PGF90-S-0000-Internal compiler error. Error: Detected unexpected atomic store opcode. 365 (2D_cmplx_1.f90: 180)
PGF90-S-0155-Invalid atomic expression (2D_cmplx_1.f90: 180)
PGF90-S-0155-Invalid atomic region. (2D_cmplx_1.f90: 180)

Do you have any idea why is this happening?

Thank you

Are Ux and Uy arrays complex double? If so, that’s the problem. Due lack of hardware support, we don’t support complex double with atomics. Single precision complex should be fine with PGI 17.4 and later.

-Mat

Yes they are. However even if I change all my variables to single precision I still get these errors

PGF90-S-0155-Invalid atomic expression (2D_cmplx_1.f90: 186)
PGF90-S-0155-Invalid atomic region. (2D_cmplx_1.f90: 186)

I use PGI 17.4-Community edition.

Alex

Well, that should work. It just tried something similar and it worked for me. Can you write-up a small reproducer?

``````% cat test.f90
program test_complex_atomic_update
implicit none

integer,parameter:: nlen=10
complex(kind=kind(0.0)),dimension(nlen,nlen):: arr

integer i,j,k
complex(kind=kind(0.0)):: var

var=(1.,1.)
arr=(0.,0.)
!\$acc parallel loop gang vector copy(arr)
do k=1,100
do i=1,nlen
do j=1,nlen
!\$acc atomic update
arr(i,j)=arr(i,j)+var
!\$acc end atomic
enddo
enddo
enddo
print*,arr
end program test_complex_atomic_update

% pgfortran -ta=tesla:cc60 -Minfo=accel test.f90 -V17.4
test_complex_atomic_update:
12, Generating copy(arr(:,:))
Accelerator kernel generated
Generating Tesla code
13, !\$acc loop gang, vector(100) ! blockidx%x threadidx%x
14, !\$acc loop seq
15, !\$acc loop seq
14, Loop is parallelizable
15, Loop is parallelizable
``````

Mat

your test case gave the same result as yours. The problem was mine because in another atomic construct the calculation was different.So
x = x operator expr
x = x operator expr operator expr
which was wrong.

1. Can’t I have private arrays that are created only for the device?
2. I was thinking about creating a data region with all the arrays inside the do while iteration and then do all the calculations in parallel. Do you have a suggestion or a recommendation about the code below?

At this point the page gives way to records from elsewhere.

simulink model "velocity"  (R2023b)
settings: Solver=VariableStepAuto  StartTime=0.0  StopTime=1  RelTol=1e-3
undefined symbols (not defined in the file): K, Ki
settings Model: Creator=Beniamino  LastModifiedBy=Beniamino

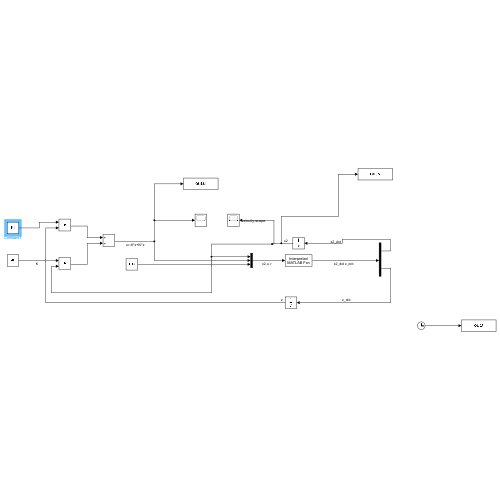
[thumbnail: Simulink's stored preview of the top-level diagram]
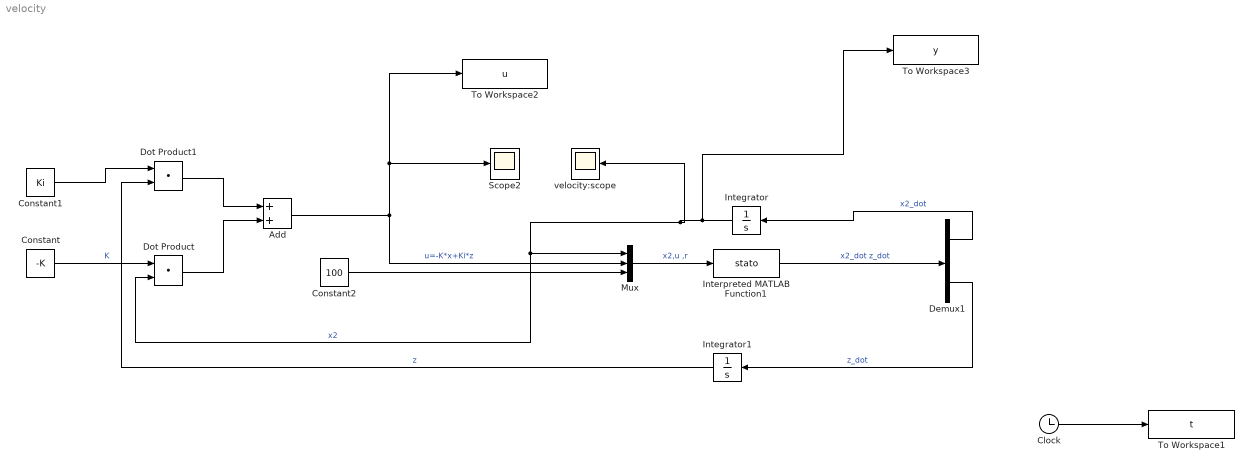
== system velocity ==
  Add : Sum
  Clock : Clock
  Constant : Constant  Value=-K
  Constant1 : Constant  Value=Ki
  Constant2 : Constant  Value=100
  Demux1 : Demux  Outputs=2
  Dot Product : DotProduct  OutDataTypeStr=Inherit: Inherit via internal rule
  Dot Product1 : DotProduct  OutDataTypeStr=Inherit: Inherit via internal rule
  Integrator : Integrator
  Integrator1 : Integrator
  Interpreted MATLAB Function1 : MATLABFcn  MATLABFcn=stato  OutputDimensions=2  Output1D=off
  Mux : Mux  Inputs=3
  Scope2 : Scope
  To Workspace1 : ToWorkspace  VariableName=t  SampleTime=-1
  To Workspace2 : ToWorkspace  VariableName=u  SampleTime=-1
  To Workspace3 : ToWorkspace  VariableName=y  SampleTime=-1
  velocity:scope : Scope
  wires:
  Constant/1 -> Dot Product/1  "K"
  Integrator/1 -> Mux/1, Dot Product/2, velocity:scope/1, To Workspace3/1  "x2"
  Dot Product/1 -> Add/2
  Constant1/1 -> Dot Product1/1
  Integrator1/1 -> Dot Product1/2  "z"
  Constant2/1 -> Mux/3
  Mux/1 -> Interpreted MATLAB Function1/1  "x2,u ,r"
  Interpreted MATLAB Function1/1 -> Demux1/1  "x2_dot z_dot"
  Demux1/2 -> Integrator1/1  "z_dot"
  Clock/1 -> To Workspace1/1
  Add/1 -> Mux/2, To Workspace2/1, Scope2/1  "u=-K*x+Ki*z"
  Demux1/1 -> Integrator/1  "x2_dot"
  Dot Product1/1 -> Add/1
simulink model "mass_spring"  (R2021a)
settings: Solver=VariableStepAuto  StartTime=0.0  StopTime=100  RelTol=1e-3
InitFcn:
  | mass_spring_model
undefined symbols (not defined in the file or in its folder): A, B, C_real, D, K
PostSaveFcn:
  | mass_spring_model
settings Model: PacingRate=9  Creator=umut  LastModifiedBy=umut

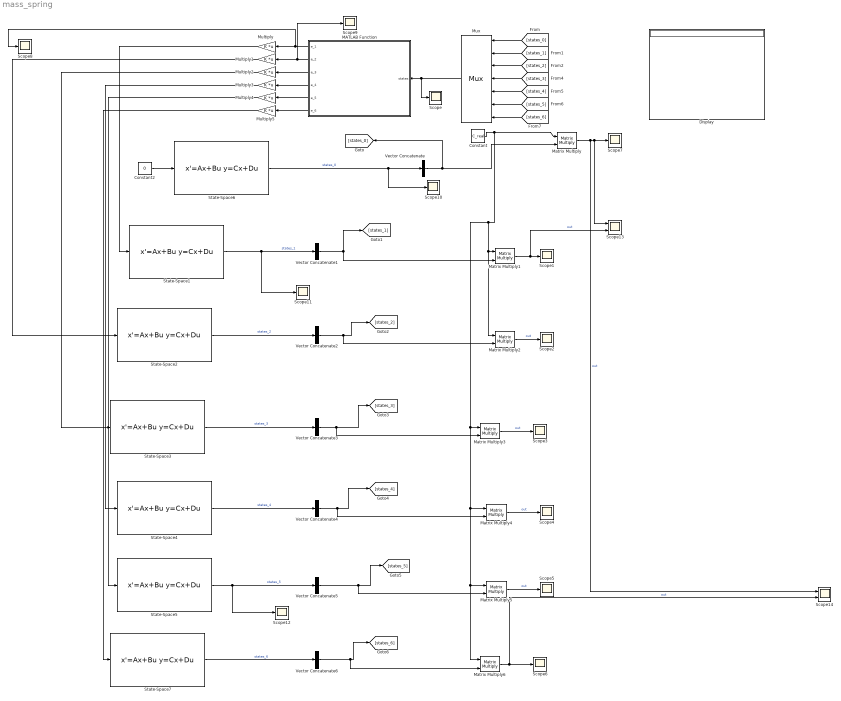
== system mass_spring ==
  Constant : Constant  Value=C_real
  Constant2 : Constant  Value=0
  Display : Display
  MATLAB Function : MATLAB Function  TreatAsAtomicUnit=on
  Matrix Multiply{,1..6} (7 alike) : Product  Multiplication=Matrix(*)
  Multiply{,1..5} (6 alike) : Gain  Gain=K  Multiplication=Matrix(K*u)
  Mux : Mux  Inputs=7
  Scope{,1..12} (13 alike) : Scope
  Scope13 : Scope  NumInputPorts=2
  Scope14 : Scope  NumInputPorts=2
  State-Space{1..4} (4 alike) : StateSpace  A=A  B=B  C=eye(4)  D=D  InitialCondition=0
  State-Space5 : StateSpace  A=A  B=B  C=eye(4)  D=D  InitialCondition=[1;3;4;7]
  State-Space6 : StateSpace  A=A  B=B  C=eye(4)  D=D  InitialCondition=[1;2;3;4]
  State-Space7 : StateSpace  A=A  B=B  C=eye(4)  D=D  InitialCondition=[1,2,3,4]
  Vector Concatenate{,1..6} (7 alike) : Concatenate  NumInputs=1  Mode=Multidimensional array  ConcatenateDimension=4
  wires:
  Matrix Multiply1/1 -> Scope13/2, Scope1/1  "out"
  State-Space1/1 -> Scope11/1, Vector Concatenate1/1  "states_1"
  Mux/1 -> Scope/1, MATLAB Function/1(states)
  State-Space2/1 -> Vector Concatenate2/1  "states_2"
  Matrix Multiply2/1 -> Scope2/1  "out"
  Matrix Multiply3/1 -> Scope3/1  "out"
  State-Space3/1 -> Vector Concatenate3/1  "states_3"
  Matrix Multiply4/1 -> Scope4/1  "out"
  State-Space4/1 -> Vector Concatenate4/1  "states_4"
  Matrix Multiply5/1 -> Scope5/1  "out"
  State-Space5/1 -> Scope12/1, Vector Concatenate5/1  "states_5"
  Matrix Multiply6/1 -> Scope14/2, Scope6/1  "out"
  State-Space7/1 -> Vector Concatenate6/1  "states_6"
  [states_0] -> Mux/1
  [states_1] -> Mux/2
  [states_6] -> Mux/7
  [states_5] -> Mux/6
  [states_4] -> Mux/5
  [states_3] -> Mux/4
  [states_2] -> Mux/3
  MATLAB Function/1(e_1) -> Scope8/1, Multiply/1
  MATLAB Function/2(e_2) -> Scope9/1, Multiply1/1
  MATLAB Function/3(e_3) -> Multiply2/1
  MATLAB Function/4(e_4) -> Multiply3/1
  MATLAB Function/5(e_5) -> Multiply4/1
  MATLAB Function/6(e_6) -> Multiply5/1
  Multiply/1 -> State-Space1/1
  Multiply1/1 -> State-Space2/1
  Multiply2/1 -> State-Space3/1
  Multiply3/1 -> State-Space4/1
  Multiply4/1 -> State-Space5/1
  Multiply5/1 -> State-Space7/1
  Constant/1 -> Matrix Multiply/1, Matrix Multiply6/1, Matrix Multiply5/1, Matrix Multiply4/1, Matrix Multiply3/1, Matrix Multiply2/1, Matrix Multiply1/1
  State-Space6/1 -> Scope10/1, Vector Concatenate/1  "states_0"
  Constant2/1 -> State-Space6/1
  Vector Concatenate/1 -> [states_0], Matrix Multiply/2
  Matrix Multiply/1 -> Scope14/1, Scope13/1, Scope7/1  "out"
  Vector Concatenate1/1 -> Matrix Multiply1/2, [states_1]
  Vector Concatenate2/1 -> Matrix Multiply2/2, [states_2]
  Vector Concatenate3/1 -> Matrix Multiply3/2, [states_3]
  Vector Concatenate4/1 -> Matrix Multiply4/2, [states_4]
  Vector Concatenate5/1 -> Matrix Multiply5/2, [states_5]
  Vector Concatenate6/1 -> Matrix Multiply6/2, [states_6]

== matlab function mass_spring/MATLAB Function ==
  data: states input; e_1 output size=[4, 1]; e_2 output size=[4, 1]; e_3 output size=[4, 1]; e_4 output size=[4, 1]; e_5 output size=[4, 1]; e_6 output size=[4, 1]
function [e_1, e_2, e_3, e_4, e_5, e_6]  = calculate_neighborhood_error(states)
    adj = [ 0	0	0	0	0	0
        2	0	0	0	0	0
        0	6	0	0	0	0
        0	0	1	0	0	0
        0	0	0	1	0	0
        0	0	0	0	3	0];
    
    pinnings = [1; 0; 0; 0; 0; 0];

    A = adj;
    G = pinnings;
    
    size_agents = 6;
    size_states = 4;
    
    error = zeros(size_states, size_agents);
    
    
    for i = 1 : size_agents
        error_temp = [0;0;0;0];
        for j = 1 : size_agents
            error_temp = error_temp + A(i, j) * (states((j)*4+1 : 4*(j+1)) - states((i)*4+1 : 4*(i+1)));
        end
        error_temp = error_temp + pinnings(i) * (states(1 : 4) - states((i)*4+1 : 4*(i+1)));
        error(:,i) = error_temp;
    end
    
    e_1 = error(:,1);
    e_2 = error(:,2);
    e_3 = error(:,3);
    e_4 = error(:,4);
    e_5 = error(:,5);
    e_6 = error(:,6);

end

Thanks again for the assistance

``````!\$acc data copyin(Ux(1:Nx,1:Ny),Uy(1:Nx,1:Ny),Uxpr(1:Nx,1:Ny),Uypr(1:Nx,1:Ny),reler_r(1:Nx,1:Ny))

6   Continue
Iter=Iter+1
!
Do i=1,Nx
Do j=1,Ny
Uxpr(i,j)=Ux(i,j);Uypr(i,j)=Uy(i,j)
End do
End do

!\$acc parallel loop collapse(2) independent private (Y) present(phi,W1,c,Ux,Uy,Dns,Tmp,qx,qy)
Do L=1,Nt            !- External loop for angles
Do K=1,Nc            ! External loop for velocities

! Boundary conditions
!\$acc loop
Do i=1,Nx
Y(i,1)=..
End do
!\$acc loop
Do i=2,Ny
Y(1,i)=..
End do
!Calculation of Y (must be private)
Do I=2,Nx
Do J=2,Ny
Y(I,J)=(-Y(I-1,J-1)*Td00-Y(I,J-1)*Td10-Y(I- &
1,J)*Td01+CoFy)/Td11
End do
End do
!\$acc loop
Do i=1,Nx
Do j=1,Ny
!\$acc atomic update
Ux(i,j)=Ux(i,j)+Y(i,j)
!\$acc end atomic
Uy(i,j)=Uy(i,j)+Y(i,j)
End do
End do
!

End do
End do

!\$acc parallel loop collapse(2) independent
Do I=1,Nx
Do J=1,Ny
Reler(I,J)=abs(Ux(I,J)-Uxpr(I,J))+abs(Uy(I,J)-Uypr(I,J))
End do
End do
!\$acc end parallel do
Relmaxr=MAXVAL(Reler_r)

If(Relmaxr.gt.Error) Goto 6

!\$acc end data
``````

Hi Alex,

1. Can’t I have private arrays that are created only for the device?

Yes, via the “private” clause as you have done here with the “Y” array.

1. I was thinking about creating a data region with all the arrays inside the do while iteration and then do all the calculations in parallel. Do you have a suggestion or a recommendation about the code below?

This should work. Though, I’d put “Uxpr” and “Uypr” in a “create” clause and then put their initialization loop in a compute construct. That way you don’t need to move their from the host to device.

You’ll need to update “Reler” to the host in order to use it MAXVAL. Though, why not just do the max reduction on the device and get rid of “Reler” altogether?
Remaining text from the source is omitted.